I was welcomed, as a Baptist, at a PCA. The pastor knew about me, via some friends who had joined recently, and I was not interviewed.


----------



## Marrow Man (Apr 9, 2010)

C. M. Sheffield said:


> Marrow Man said:
> 
> 
> > If a Presbyterian were to visit the congregation, but he were a former Baptist who switched to Presbyterianism later in life, would that be viewed differently? In other words, he or she is an immersed professing believer, but not currently a Baptist, would that be a problem?
> ...


 
C.M. what would exactly be the problem? I think I'm not understanding the BF&M perhaps. Is it because of the person is not a _member _of a Baptist church? Or would it be only for members of the local congregation where the Supper is being served?


----------



## C. M. Sheffield (Apr 9, 2010)

Marrow Man said:


> C. M. Sheffield said:
> 
> 
> > Marrow Man said:
> ...


 
You asked if it would be a problem. I said "No" it wouldn't. They would meet the requirements of our confession.


----------



## Marrow Man (Apr 9, 2010)

Yes, I just realized that (after my wife pointed it out), and it's embarrassingly stupid on my part. I was already deleting my response. Thanks for the reply.


----------



## C. M. Sheffield (Apr 9, 2010)

Not a problem. I should have been clearer.


----------



## JML (Apr 9, 2010)

Marrow Man said:


> In other words, if the person was immersed, but later came to faith...and was now Presbyterian, would he or she be permitted to come to the Table?





I knew it. So they were a Baptist and lost and now that they are Presbyterian they have come to faith.

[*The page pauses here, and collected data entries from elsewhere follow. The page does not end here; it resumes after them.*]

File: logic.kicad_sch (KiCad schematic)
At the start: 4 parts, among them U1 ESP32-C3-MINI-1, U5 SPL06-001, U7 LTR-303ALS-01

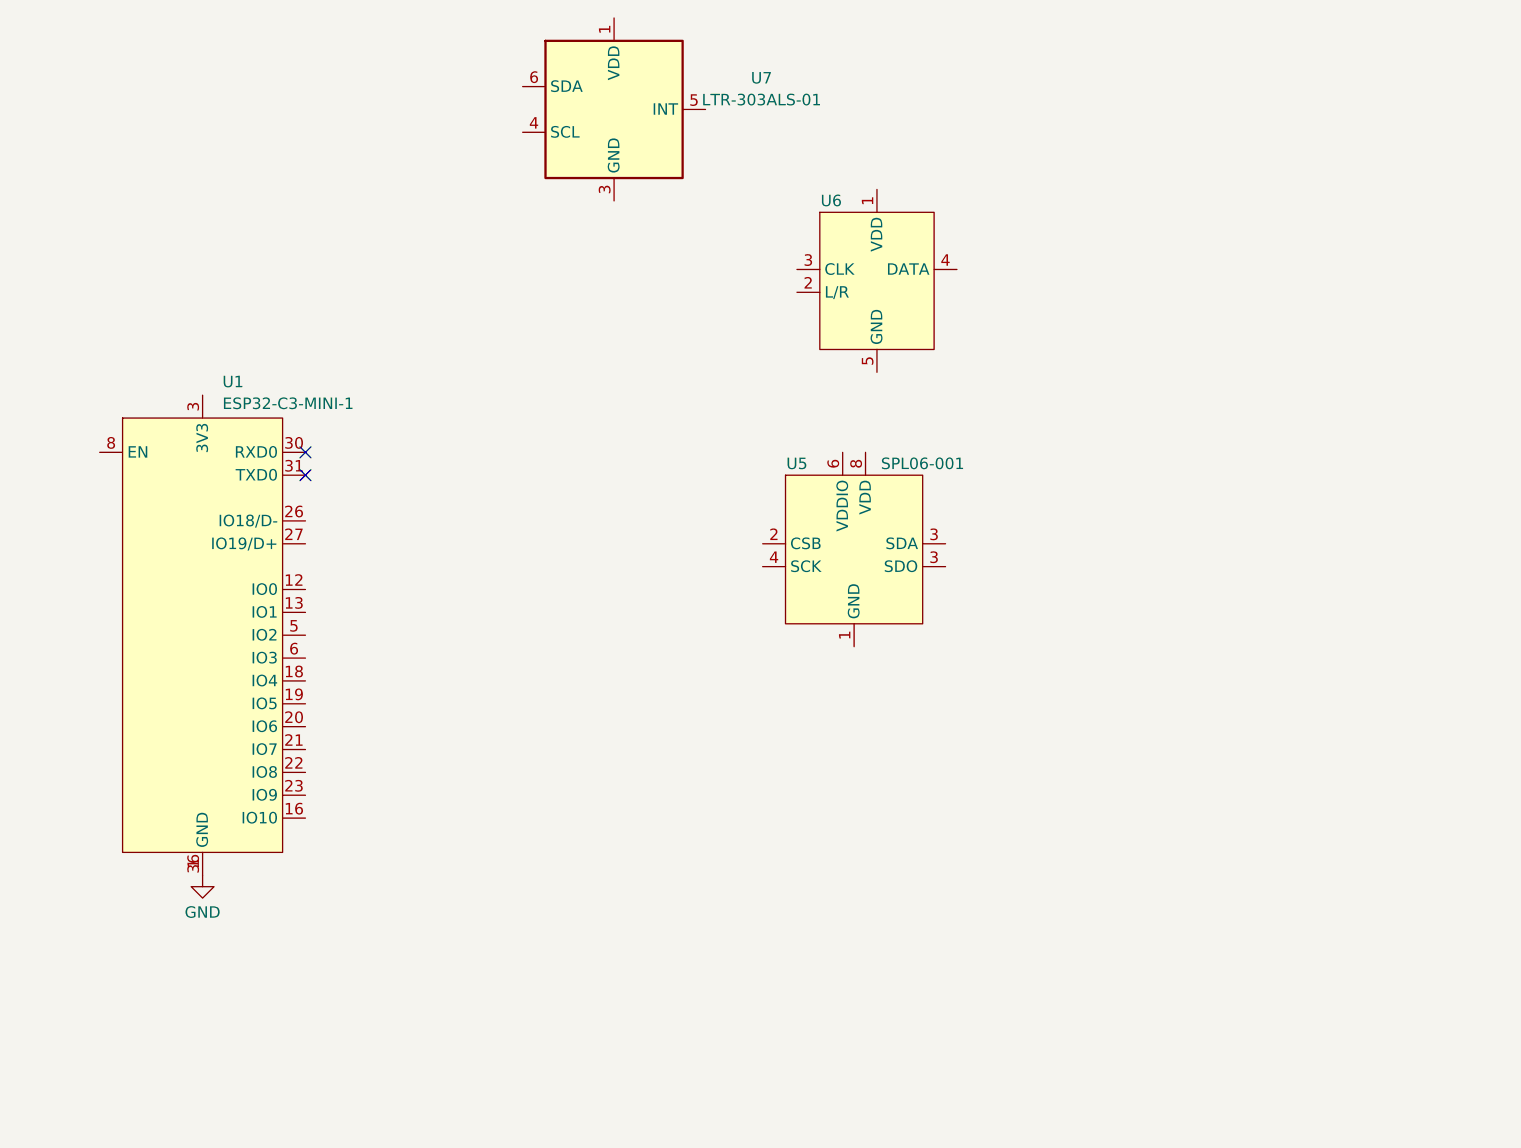
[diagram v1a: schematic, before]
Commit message: Finish preliminary charger and logic schematic
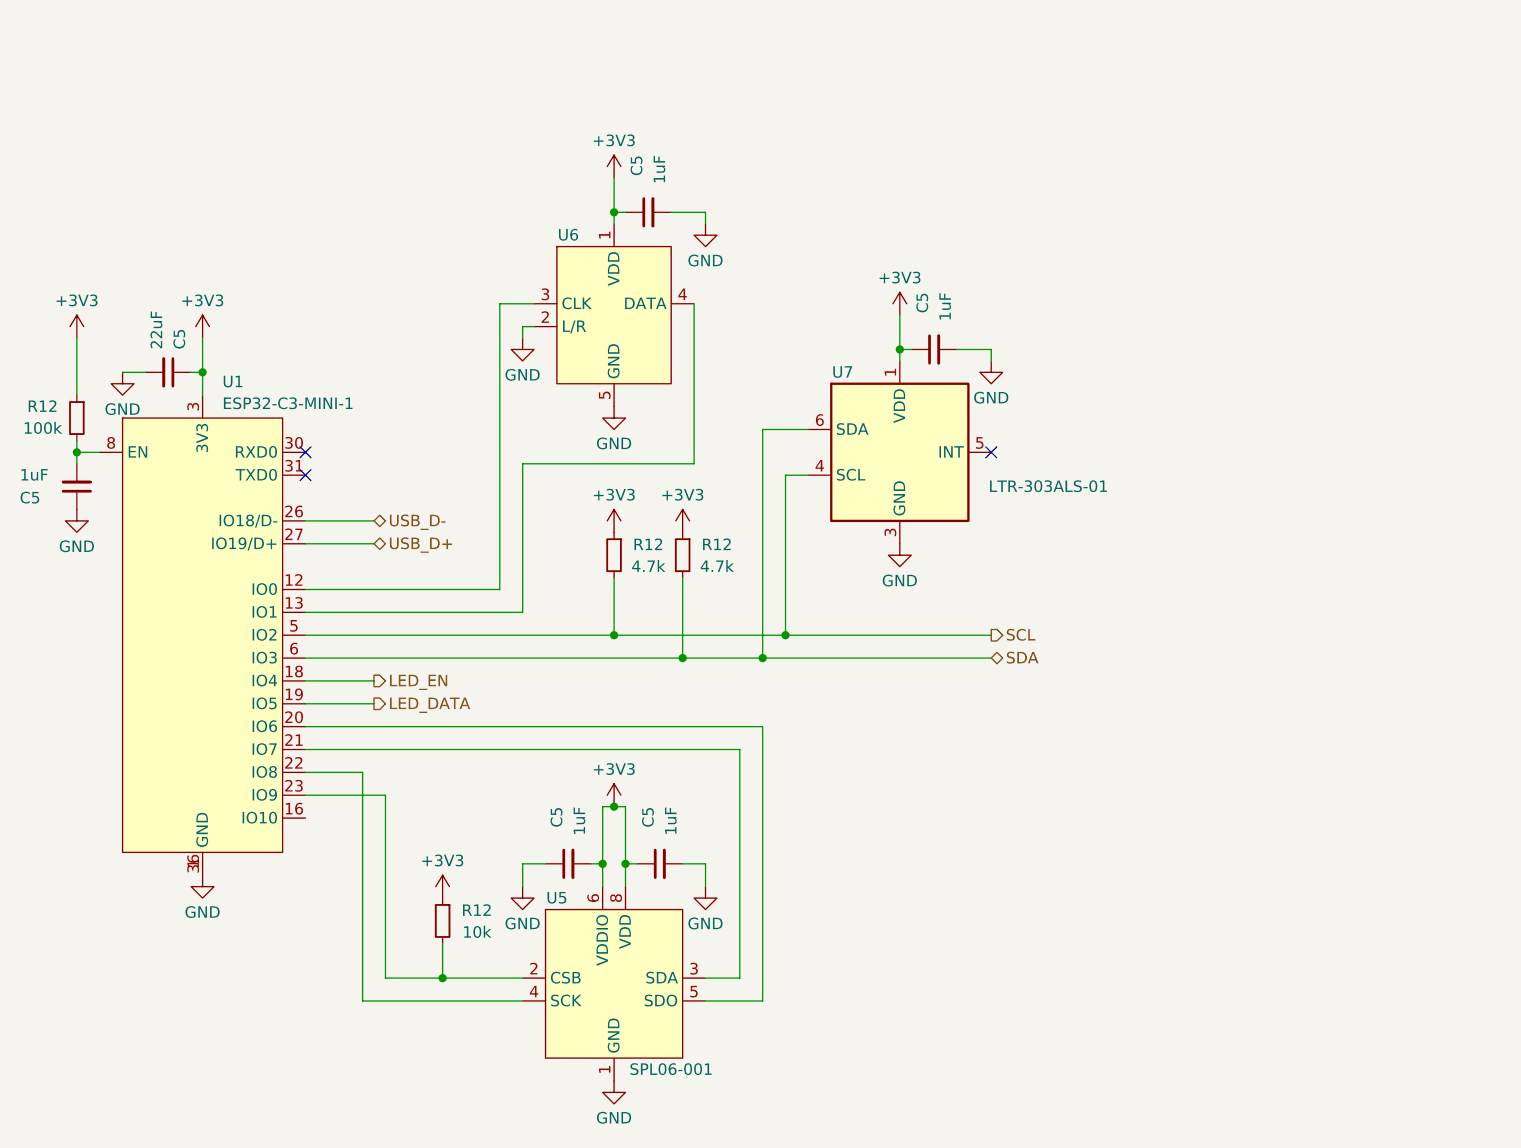
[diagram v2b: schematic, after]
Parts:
- added C5 (x5): 1uF, Capacitor_SMD:C_0402_1005Metric, symbol Device:C_Small
- added C5: 22uF, Capacitor_SMD:C_0805_2012Metric, symbol Device:C_Small
- added R12: 100k, Resistor_SMD:R_0402_1005Metric, symbol Device:R_Small
- added R12: 10k, Resistor_SMD:R_0402_1005Metric, symbol Device:R_Small
- added R12 (x2): 4.7k, Resistor_SMD:R_0402_1005Metric, symbol Device:R_Small
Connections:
- net GND: now also U6.2 (L/R), U6.5 (GND), U7.3 (GND), C5.1, C5.1, C5.2, C5.2, C5.2, C5.2
- net +3V3: now reaches U7.1 (VDD)
- net +3V3: now also U1.3 (3V3), U5.6 (VDDIO), U5.8 (VDD), U6.1 (VDD), C5.1, C5.1, C5.1, C5.1, C5.2, R12.1, R12.1, R12.1, R12.1
- net SCL: now reaches U7.4 (SCL)
- net SCL: now also U1.5 (IO2), R12.2
- net SDA: now reaches U7.6 (SDA)
- net SDA: now also U1.6 (IO3), R12.2
- net at U1.12 (IO0): now also U6.3 (CLK)
- net at U1.13 (IO1): now also U6.4 (DATA)
- net LED_EN: now reaches U1.18 (IO4)
- net LED_DATA: now reaches U1.19 (IO5)
- net at U1.20 (IO6): now also U5.5 (SDO)
- net at U1.21 (IO7): now also U5.3 (SDA)
- net at U1.22 (IO8): now also U5.4 (SCK)
- net at U1.23 (IO9): now also U5.2 (CSB), R12.2
- net USB_D-: now reaches U1.26 (IO18/D-)
- net USB_D+: now reaches U1.27 (IO19/D+)
- net at U1.8 (EN): now also C5.2, R12.2
- no-connect marks 2 -> 3
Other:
- moved on the sheet: U5, U6, U7

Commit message: Finish rough layout
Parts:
- added R12 (x2): 330, Resistor_SMD:R_0402_1005Metric, symbol Device:R_Small
- added R12: 10k, Resistor_SMD:R_0402_1005Metric, symbol Device:R_Small
- C5: value 22uF -> 10uF; footprint Capacitor_SMD:C_0805_2012Metric -> Capacitor_SMD:C_0402_1005Metric; LCSC C45783 -> C15525
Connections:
- net LED_EN is gone; now on an unnamed net: U1.18 (IO4)
- net LED_DATA: now also U1.6 (IO3); no longer U1.19 (IO5)
- net SDA: now also U1.12 (IO0); no longer U1.6 (IO3)
- net at U6.3 (CLK): now also U1.19 (IO5); no longer U1.12 (IO0)
- net at U6.4 (DATA): no longer U1.13 (IO1)
- net at U1.16 (IO10): now also R12.2
- net at U1.30 (RXD0): now also R12.2
- net at U1.31 (TXD0): now also R12.2
- new net CHRG_EN: U1.13 (IO1)
- new net LED1: R12.1
- new net LED2: R12.1
- new net PWR_ON: R12.1
- no-connect marks 3 -> 1
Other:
- moved on the sheet: C5, R12, U5

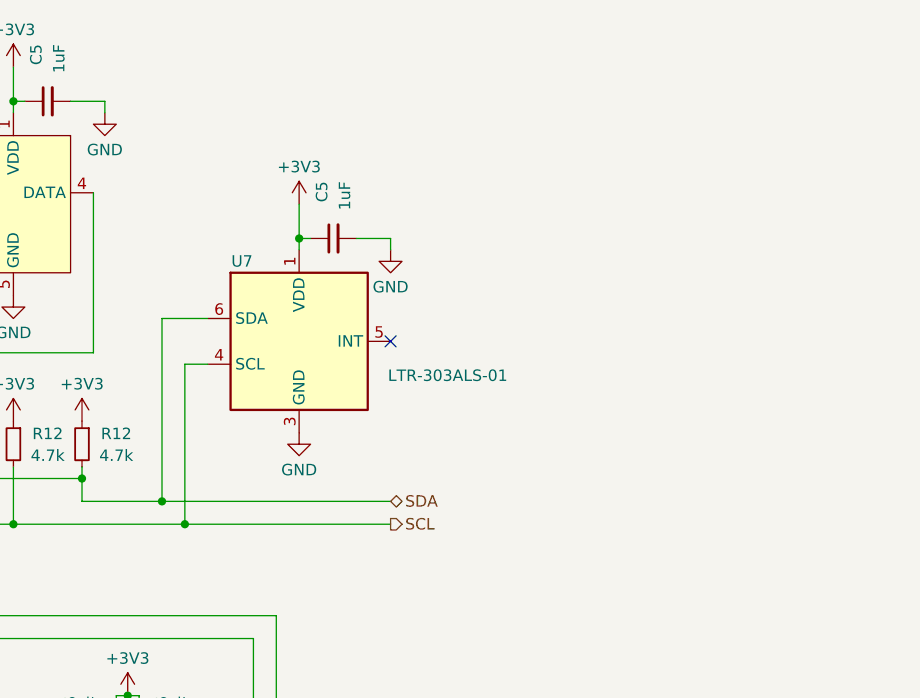
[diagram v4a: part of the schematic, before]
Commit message: Add accelerometer
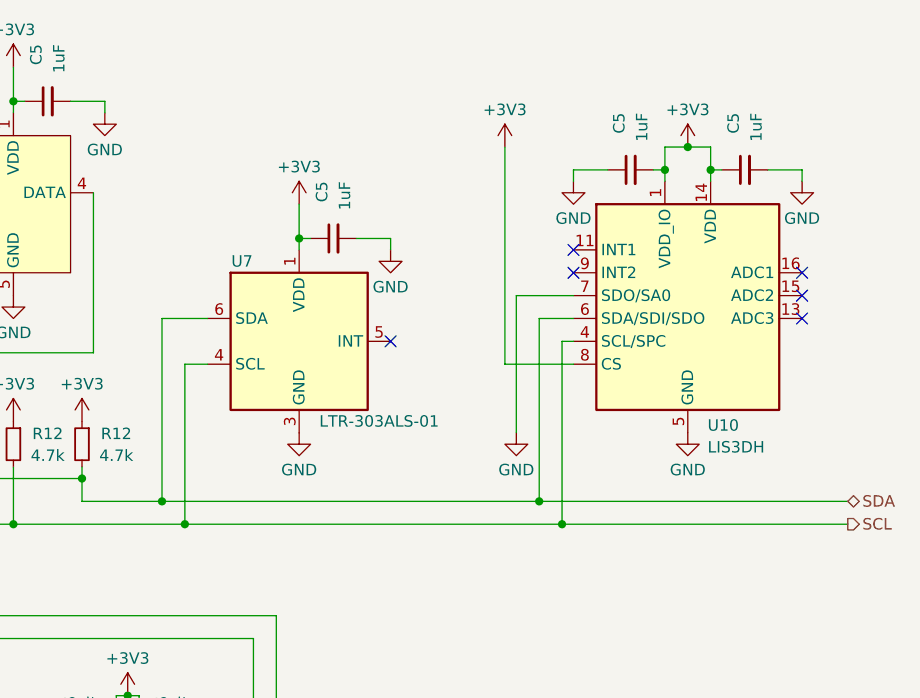
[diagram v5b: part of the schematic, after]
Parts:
- added C5 (x2): 1uF, Capacitor_SMD:C_0402_1005Metric, symbol Device:C_Small
- added U10: LIS3DH, Package_LGA:LGA-16_3x3mm_P0.5mm_LayoutBorder3x5y, symbol Sensor_Motion:LIS3DH
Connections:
- net +3V3: now also C5.1, C5.2, U10.1 (VDD_IO), U10.14 (VDD), U10.8 (CS)
- net GND: now also C5.1, C5.2, U10.10 (GND), U10.12 (GND), U10.5 (GND), U10.7 (SDO/SA0)
- net SCL: now also U10.4 (SCL/SPC)
- net SDA: now also U10.6 (SDA/SDI/SDO)
- no-connect marks 1 -> 6

Presbyterians are nice to us and all but they consider us not in faith. 

Where is the "I know you didn't mean it to sound like that but it came out that way" smiley? 

---------- Post added at 11:09 AM ---------- Previous post was at 10:42 AM ----------

For those who require immersion to partake of the Lord's Supper, help me understand. Since a Presbyterian is a part of the universal church, why would the Lord's Supper be denied to them?


----------



## Marrow Man (Apr 9, 2010)

John Lanier said:


> Marrow Man said:
> 
> 
> > In other words, if the person was immersed, but later came to faith...and was now Presbyterian, would he or she be permitted to come to the Table?
> ...



Dude, I was talking about myself! I'm the hypothetical. I was immersed at around age 10 in a Baptist church because I "walked the aisle" and said "yes" to a couple of questions. I came to faith in Christ at age 21 while in college, and attended the same Baptist church on weekends home from college. I later united with a PCA church, and Presbyterians of course do not re-baptized. So, I was asking, even though I was technically "immersed," how Baptist churches that require immersion would view my coming to the Table.


----------



## rbcbob (Apr 9, 2010)

Marrow Man said:


> Our church (Presbyterian) allows Baptists to come to the Table. The only require is one be a baptized, professing Christian. Of course, examination is also a condition in coming to the Lord's Table.
> 
> My wife and I have visited Bob's church (Reformed Baptist), and they have allowed us to come to the Table with them in sweet fellowship. If I recall correctly, the requirement/warning spoken by the pastor was very similar to what I say as well.
> 
> ...



Tim,
We would welcome visiting baptized (according to their sincere beliefs) believers to our table. In the specifics you mention we would have reservations about receiving such into membership.


----------



## JML (Apr 9, 2010)

Marrow Man said:


> John Lanier said:
> 
> 
> > Marrow Man said:
> ...


 
Hey Tim,

You do know that I was kidding, right?


----------



## Marrow Man (Apr 9, 2010)

As was I, friend! Oh, it's a true story, but I was kidding in my "offense."


----------



## C. M. Sheffield (Apr 9, 2010)

rbcbob said:


> Tim,
> We would welcome visiting baptized (according to their sincere beliefs) believers to our table. In the specifics you mention we would have reservations about receiving such into membership.


 
Bob,

Do you not see the inconsistency of saying that a Presbyterian brother is allowed at the Communion Table but not into the church's communion (i.e. membership)? 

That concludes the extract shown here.